In summary, we show that laminin-2 (7) and laminin-binding integrin expression is concomitantly induced in ASM cells under conditions that promote acquisition of a contractile phenotype. Moreover, we show that α7B integrin is unique, as it is required for myocyte maturation to occur. These data reveal new biological mechanisms relevant to fibroproliferative disorders such asthma and atherosclerosis that are characterized by the accumulation of smooth muscle, and in which smooth muscle phenotype switching occurs (47, 48). At present, though differences in ECM composition are reported in the airways of patients with asthma, it is not known if changes in integrin expression, in particular on ASM cells, are directly associated with disease progression (49). Notably, in patients with congenital muscular dystrophy due to laminin α2 chain deficiency, and in dy/dy mice that do not express laminin α2 chain, α7 integrin expression becomes severely diminished, indicating that changes in integrin abundance can be directly affected by changes in the ECM (50). Furthermore, as changes in α7 integrin expression are associated with the pathogenesis of vascular remodeling in response to injury (21), future studies are clearly necessary to assess the functional role of α7 integrin expression in other disease states, such as asthma. Though α7 integrin knockout mice have been generated (37), the mutation is embryonic lethal, thus more sophisticated transgenic mouse models that target this gene are necessary to investigate its role in disease models.
The authors thank Ms. Amanda Reinisch and Ms. Shan Li for technical assistance. They also thank Dr. Schaafsma for critical reading of this manuscript.

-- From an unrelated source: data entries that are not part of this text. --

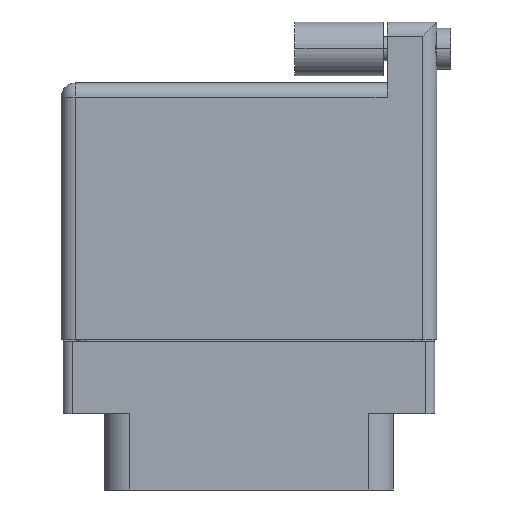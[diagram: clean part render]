
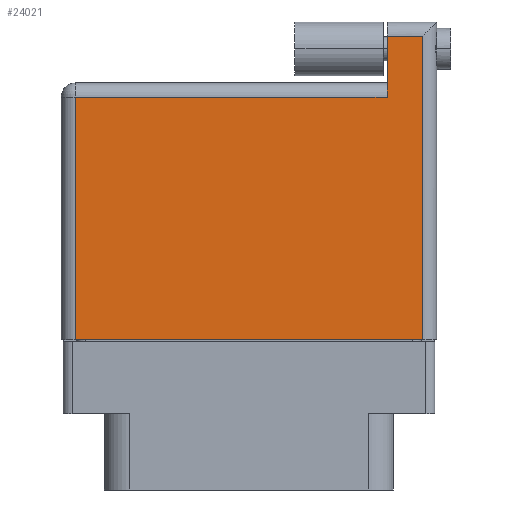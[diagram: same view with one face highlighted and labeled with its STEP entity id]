
A CAD part, front view. The second image highlights one B-rep face of the part: STEP entity #24021.
In plain terms, the highlighted face is planar.
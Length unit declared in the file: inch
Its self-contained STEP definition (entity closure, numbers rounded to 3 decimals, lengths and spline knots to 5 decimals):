
#743 = DIRECTION ( 'NONE',  ( -1., 0., 0. ) ) ;
#846 = EDGE_CURVE ( 'NONE', #18507, #22137, #13321, .T. ) ;
#1549 = DIRECTION ( 'NONE',  ( 0., -1., 0. ) ) ;
#1607 = DIRECTION ( 'NONE',  ( 0., -1., 0. ) ) ;
#3051 = CARTESIAN_POINT ( 'NONE',  ( -0.6625, -0.1, 0.3575 ) ) ;
#3291 = VECTOR ( 'NONE', #20244, 39.37008 ) ;
#4874 = PLANE ( 'NONE',  #16038 ) ;
#5154 = CARTESIAN_POINT ( 'NONE',  ( 0.6125, 0.97, 0.3575 ) ) ;
#5267 = VECTOR ( 'NONE', #1607, 39.37008 ) ;
#6117 = LINE ( 'NONE', #17481, #22773 ) ;
#7571 = LINE ( 'NONE', #12536, #19399 ) ;
#7764 = CARTESIAN_POINT ( 'NONE',  ( -0.6125, -0.1, 0.3575 ) ) ;
#7818 = CARTESIAN_POINT ( 'NONE',  ( -0.6625, 0.97, 0.3575 ) ) ;
#8136 = DIRECTION ( 'NONE',  ( 1., 0., 0. ) ) ;
#8677 = FACE_OUTER_BOUND ( 'NONE', #26425, .T. ) ;
#9430 = CARTESIAN_POINT ( 'NONE',  ( -0.6625, 0.806, 0.3575 ) ) ;
#10036 = EDGE_CURVE ( 'NONE', #27350, #25888, #20837, .T. ) ;
#11943 = ORIENTED_EDGE ( 'NONE', *, *, #20107, .T. ) ;
#12536 = CARTESIAN_POINT ( 'NONE',  ( -0.6625, 0.756, 0.3575 ) ) ;
#13197 = CARTESIAN_POINT ( 'NONE',  ( 0.4875, 0.97, 0.3575 ) ) ;
#13205 = VECTOR ( 'NONE', #26838, 39.37008 ) ;
#13321 = LINE ( 'NONE', #22420, #3291 ) ;
#14083 = DIRECTION ( 'NONE',  ( 0., 0., -1. ) ) ;
#14199 = ORIENTED_EDGE ( 'NONE', *, *, #18870, .T. ) ;
#14819 = EDGE_CURVE ( 'NONE', #29001, #18507, #21204, .T. ) ;
#16038 = AXIS2_PLACEMENT_3D ( 'NONE', #9430, #14083, #23708 ) ;
#16102 = CARTESIAN_POINT ( 'NONE',  ( 0.4875, 1.02, 0.3575 ) ) ;
#17481 = CARTESIAN_POINT ( 'NONE',  ( -0.6125, -0.1, 0.3575 ) ) ;
#18295 = ORIENTED_EDGE ( 'NONE', *, *, #846, .T. ) ;
#18507 = VERTEX_POINT ( 'NONE', #18793 ) ;
#18793 = CARTESIAN_POINT ( 'NONE',  ( 0.6125, -0.1, 0.3575 ) ) ;
#18870 = EDGE_CURVE ( 'NONE', #22137, #27350, #30583, .T. ) ;
#19399 = VECTOR ( 'NONE', #743, 39.37008 ) ;
#20107 = EDGE_CURVE ( 'NONE', #25880, #29001, #6117, .T. ) ;
#20244 = DIRECTION ( 'NONE',  ( 0., 1., 0. ) ) ;
#20837 = LINE ( 'NONE', #16102, #5267 ) ;
#21204 = LINE ( 'NONE', #3051, #29311 ) ;
#22137 = VERTEX_POINT ( 'NONE', #5154 ) ;
#22420 = CARTESIAN_POINT ( 'NONE',  ( 0.6125, 1.02, 0.3575 ) ) ;
#22773 = VECTOR ( 'NONE', #1549, 39.37008 ) ;
#23708 = DIRECTION ( 'NONE',  ( -1., 0., 0. ) ) ;
#23719 = EDGE_CURVE ( 'NONE', #25888, #25880, #7571, .T. ) ;
#24021 = ADVANCED_FACE ( 'NONE', ( #8677 ), #4874, .F. ) ;
#25880 = VERTEX_POINT ( 'NONE', #27889 ) ;
#25888 = VERTEX_POINT ( 'NONE', #27472 ) ;
#26049 = ORIENTED_EDGE ( 'NONE', *, *, #14819, .T. ) ;
#26289 = ORIENTED_EDGE ( 'NONE', *, *, #23719, .T. ) ;
#26425 = EDGE_LOOP ( 'NONE', ( #26049, #18295, #14199, #27268, #26289, #11943 ) ) ;
#26838 = DIRECTION ( 'NONE',  ( -1., 0., 0. ) ) ;
#27268 = ORIENTED_EDGE ( 'NONE', *, *, #10036, .T. ) ;
#27350 = VERTEX_POINT ( 'NONE', #13197 ) ;
#27472 = CARTESIAN_POINT ( 'NONE',  ( 0.4875, 0.756, 0.3575 ) ) ;
#27889 = CARTESIAN_POINT ( 'NONE',  ( -0.6125, 0.756, 0.3575 ) ) ;
#29001 = VERTEX_POINT ( 'NONE', #7764 ) ;
#29311 = VECTOR ( 'NONE', #8136, 39.37008 ) ;
#30583 = LINE ( 'NONE', #7818, #13205 ) ;

This work was supported by grants from the SickKids Foundation / Institute of Human Development, Child and Youth Health (#XG05–011), Canadian Institutes of Health Research (CIHR), and the Manitoba Institute of Child Health. This work was undertaken, in part, thanks to funding from the Canada Research Chairs Program and the Canada Foundation for Innovation. A.J.H. holds a Canada Research Chair in Airway Cell and Molecular Biology. T.T. is the recipient of fellowships from GlaxoSmithKline/Canadian Lung Association/CIHR and the CIHR National Training Program in Allergy and Asthma. W.T.G. was supported by a grant from the US National Institutes of Health, HL077726.
Originally Published in Press as DOI: 10.1165/rcmb.2007-0165OC on July 19, 2007
Conflict of Interest Statement: A.J.H. received an open research grant of $65,000 from Merk Frost Canada Inc. None of the other authors has a financial relationship with a commercial entity that has an interest in the subject of this manuscript.